Step 5: Consult Reopening Guidelines
Consult church reopening guidelines to establish group sizes. Churches with larger ministries may need to create smaller groups in multiple rooms or time slots. Talk with your church leadership about any potential changes in the worship schedule and room availability.

Step 6: Employ The Technical Planning Model
The previous steps will provide you with your overall blueprint for ministry for the coming season. Once you have established your structure, you can begin calendaring events and lessons using the “normal” process above. Until pandemic uncertainty recedes, consider shifting from year-long planning to seasonal planning.

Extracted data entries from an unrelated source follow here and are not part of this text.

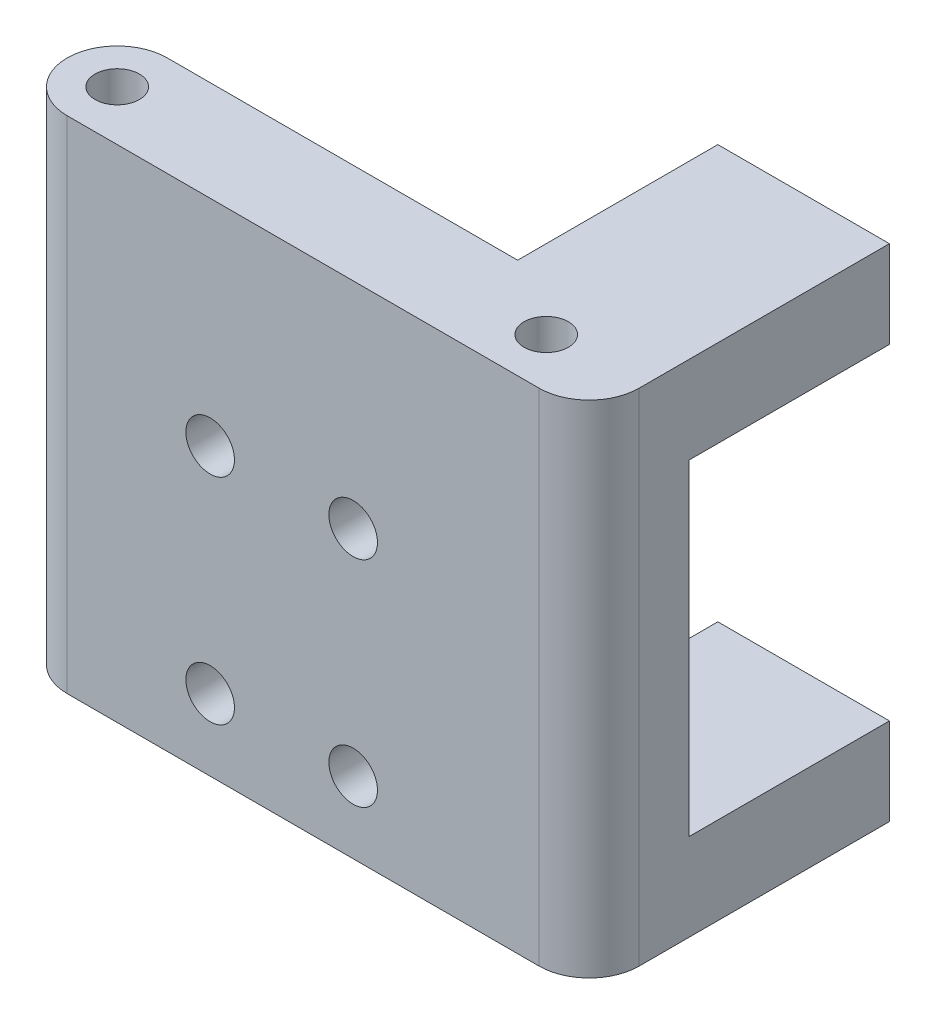
ISO-10303-21;
HEADER;
FILE_DESCRIPTION(('STEP AP214'),'2;1');
FILE_NAME('part.step','',(''),(''),'','','');
FILE_SCHEMA(('AUTOMOTIVE_DESIGN { 1 0 10303 214 1 1 1 1 }'));
ENDSEC;
DATA;
#1=APPLICATION_CONTEXT('core data for automotive mechanical design processes');
#2=APPLICATION_PROTOCOL_DEFINITION('international standard','automotive_design',2000,#1);
#3=PRODUCT_CONTEXT('',#1,'mechanical');
#4=PRODUCT('Part','Part','',(#3));
#5=PRODUCT_RELATED_PRODUCT_CATEGORY('part','',(#4));
#6=PRODUCT_DEFINITION_FORMATION('','',#4);
#7=PRODUCT_DEFINITION_CONTEXT('part definition',#1,'design');
#8=PRODUCT_DEFINITION('design','',#6,#7);
#9=PRODUCT_DEFINITION_SHAPE('','',#8);
#10=(LENGTH_UNIT() NAMED_UNIT(*) SI_UNIT(.MILLI.,.METRE.));
#11=(NAMED_UNIT(*) PLANE_ANGLE_UNIT() SI_UNIT($,.RADIAN.));
#12=(NAMED_UNIT(*) SI_UNIT($,.STERADIAN.) SOLID_ANGLE_UNIT());
#13=UNCERTAINTY_MEASURE_WITH_UNIT(LENGTH_MEASURE(1.E-05),#10,'distance_accuracy_value','');
#14=(GEOMETRIC_REPRESENTATION_CONTEXT(3) GLOBAL_UNCERTAINTY_ASSIGNED_CONTEXT((#13)) GLOBAL_UNIT_ASSIGNED_CONTEXT((#10,
#11,#12)) REPRESENTATION_CONTEXT('',''));
#15=CARTESIAN_POINT('',(0.,0.,0.));
#16=DIRECTION('',(0.,0.,1.));
#17=DIRECTION('',(1.,0.,0.));
#18=AXIS2_PLACEMENT_3D('',#15,#16,#17);
#19=CARTESIAN_POINT('',(-18.5,35.,-3.5));
#20=DIRECTION('',(0.,0.,-1.));
#21=DIRECTION('',(-1.,0.,0.));
#22=AXIS2_PLACEMENT_3D('',#19,#20,#21);
#23=PLANE('',#22);
#24=CARTESIAN_POINT('',(5.,20.,-3.5));
#25=DIRECTION('',(0.,0.,-1.));
#26=DIRECTION('',(-1.,0.,0.));
#27=AXIS2_PLACEMENT_3D('',#24,#25,#26);
#28=CIRCLE('',#27,3.15);
#29=CARTESIAN_POINT('',(1.85,20.,-3.5));
#30=VERTEX_POINT('',#29);
#31=EDGE_CURVE('E256',#30,#30,#28,.T.);
#32=ORIENTED_EDGE('',*,*,#31,.F.);
#33=EDGE_LOOP('',(#32));
#34=FACE_BOUND('',#33,.T.);
#35=CARTESIAN_POINT('',(-5.,20.,-3.5));
#36=DIRECTION('',(0.,0.,-1.));
#37=DIRECTION('',(-1.,0.,0.));
#38=AXIS2_PLACEMENT_3D('',#35,#36,#37);
#39=CIRCLE('',#38,3.15);
#40=CARTESIAN_POINT('',(-8.15,20.,-3.5));
#41=VERTEX_POINT('',#40);
#42=EDGE_CURVE('E284',#41,#41,#39,.T.);
#43=ORIENTED_EDGE('',*,*,#42,.F.);
#44=EDGE_LOOP('',(#43));
#45=FACE_BOUND('',#44,.T.);
#46=CARTESIAN_POINT('',(-5.,5.,-3.5));
#47=DIRECTION('',(0.,0.,-1.));
#48=DIRECTION('',(-1.,0.,0.));
#49=AXIS2_PLACEMENT_3D('',#46,#47,#48);
#50=CIRCLE('',#49,3.15);
#51=CARTESIAN_POINT('',(-8.15,5.,-3.5));
#52=VERTEX_POINT('',#51);
#53=EDGE_CURVE('E293',#52,#52,#50,.T.);
#54=ORIENTED_EDGE('',*,*,#53,.F.);
#55=EDGE_LOOP('',(#54));
#56=FACE_BOUND('',#55,.T.);
#57=CARTESIAN_POINT('',(5.,5.,-3.5));
#58=DIRECTION('',(0.,0.,-1.));
#59=DIRECTION('',(-1.,0.,0.));
#60=AXIS2_PLACEMENT_3D('',#57,#58,#59);
#61=CIRCLE('',#60,3.15);
#62=CARTESIAN_POINT('',(1.85,5.,-3.5));
#63=VERTEX_POINT('',#62);
#64=EDGE_CURVE('E302',#63,#63,#61,.T.);
#65=ORIENTED_EDGE('',*,*,#64,.F.);
#66=EDGE_LOOP('',(#65));
#67=FACE_BOUND('',#66,.T.);
#68=DIRECTION('',(1.,0.,0.));
#69=VECTOR('',#68,1.);
#70=CARTESIAN_POINT('',(-18.5,0.,-3.5));
#71=LINE('',#70,#69);
#72=CARTESIAN_POINT('',(-15.,0.,-3.5));
#73=VERTEX_POINT('',#72);
#74=CARTESIAN_POINT('',(9.49999999999999,0.,-3.5));
#75=VERTEX_POINT('',#74);
#76=EDGE_CURVE('E205',#73,#75,#71,.T.);
#77=ORIENTED_EDGE('',*,*,#76,.F.);
#78=DIRECTION('',(0.,-1.,0.));
#79=VECTOR('',#78,1.);
#80=CARTESIAN_POINT('',(-15.,35.,-3.5));
#81=LINE('',#80,#79);
#82=CARTESIAN_POINT('',(-15.,35.,-3.5));
#83=VERTEX_POINT('',#82);
#84=EDGE_CURVE('E11',#73,#83,#81,.F.);
#85=ORIENTED_EDGE('',*,*,#84,.T.);
#86=DIRECTION('',(1.,0.,0.));
#87=VECTOR('',#86,1.);
#88=CARTESIAN_POINT('',(-18.5,35.,-3.5));
#89=LINE('',#88,#87);
#90=CARTESIAN_POINT('',(9.49999999999999,35.,-3.5));
#91=VERTEX_POINT('',#90);
#92=EDGE_CURVE('E207',#83,#91,#89,.T.);
#93=ORIENTED_EDGE('',*,*,#92,.T.);
#94=DIRECTION('',(0.,-1.,0.));
#95=VECTOR('',#94,1.);
#96=CARTESIAN_POINT('',(9.49999999999999,0.,-3.5));
#97=LINE('',#96,#95);
#98=CARTESIAN_POINT('',(9.49999999999999,28.9,-3.5));
#99=VERTEX_POINT('',#98);
#100=EDGE_CURVE('E174',#91,#99,#97,.T.);
#101=ORIENTED_EDGE('',*,*,#100,.T.);
#102=DIRECTION('',(-1.,0.,0.));
#103=VECTOR('',#102,1.);
#104=CARTESIAN_POINT('',(0.,28.9,-3.5));
#105=LINE('',#104,#103);
#106=CARTESIAN_POINT('',(21.5,28.9,-3.5));
#107=VERTEX_POINT('',#106);
#108=EDGE_CURVE('E188',#107,#99,#105,.T.);
#109=ORIENTED_EDGE('',*,*,#108,.F.);
#110=DIRECTION('',(0.,-1.,0.));
#111=VECTOR('',#110,1.);
#112=CARTESIAN_POINT('',(21.5,35.,-3.5));
#113=LINE('',#112,#111);
#114=CARTESIAN_POINT('',(21.5,6.1,-3.5));
#115=VERTEX_POINT('',#114);
#116=EDGE_CURVE('E209',#107,#115,#113,.T.);
#117=ORIENTED_EDGE('',*,*,#116,.T.);
#118=DIRECTION('',(-1.,0.,0.));
#119=VECTOR('',#118,1.);
#120=CARTESIAN_POINT('',(0.,6.1,-3.5));
#121=LINE('',#120,#119);
#122=CARTESIAN_POINT('',(9.49999999999999,6.1,-3.5));
#123=VERTEX_POINT('',#122);
#124=EDGE_CURVE('E132',#115,#123,#121,.T.);
#125=ORIENTED_EDGE('',*,*,#124,.T.);
#126=DIRECTION('',(0.,-1.,0.));
#127=VECTOR('',#126,1.);
#128=CARTESIAN_POINT('',(9.49999999999999,0.,-3.5));
#129=LINE('',#128,#127);
#130=EDGE_CURVE('E156',#123,#75,#129,.T.);
#131=ORIENTED_EDGE('',*,*,#130,.T.);
#132=EDGE_LOOP('',(#77,#85,#93,#101,#109,#117,#125,#131));
#133=FACE_BOUND('',#132,.T.);
#134=ADVANCED_FACE('F36',(#34,#45,#56,#67,#133),#23,.T.);
#135=CARTESIAN_POINT('',(-18.5,35.,3.5));
#136=DIRECTION('',(0.,0.,-1.));
#137=DIRECTION('',(-1.,0.,0.));
#138=AXIS2_PLACEMENT_3D('',#135,#136,#137);
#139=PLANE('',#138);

Step 7: Take Care Of Yourself
Maintain your Sabbath; don’t burn out. The past year has been exhausting, often thankless, and left many wondering if anything we did made a difference. If no one has told you, allow me: The work God has called you to continues to make a difference in the lives of children and families who are wondering where God is in the midst of a global pandemic. Your emails and notes, your take-home kits and drive-throughs, even your chaotic Zoom gatherings have all demonstrated Christ’s love in action. What you are able to do with your budget and in your role is enough. Trust that the Holy Spirit continues to use your gifts for transformation of the world.

Please take care of yourself. Take some time off. Schedule the doctors appointments that have been postponed. Plan something that feeds your soul. Your loved ones and the Church need you in the months and years ahead.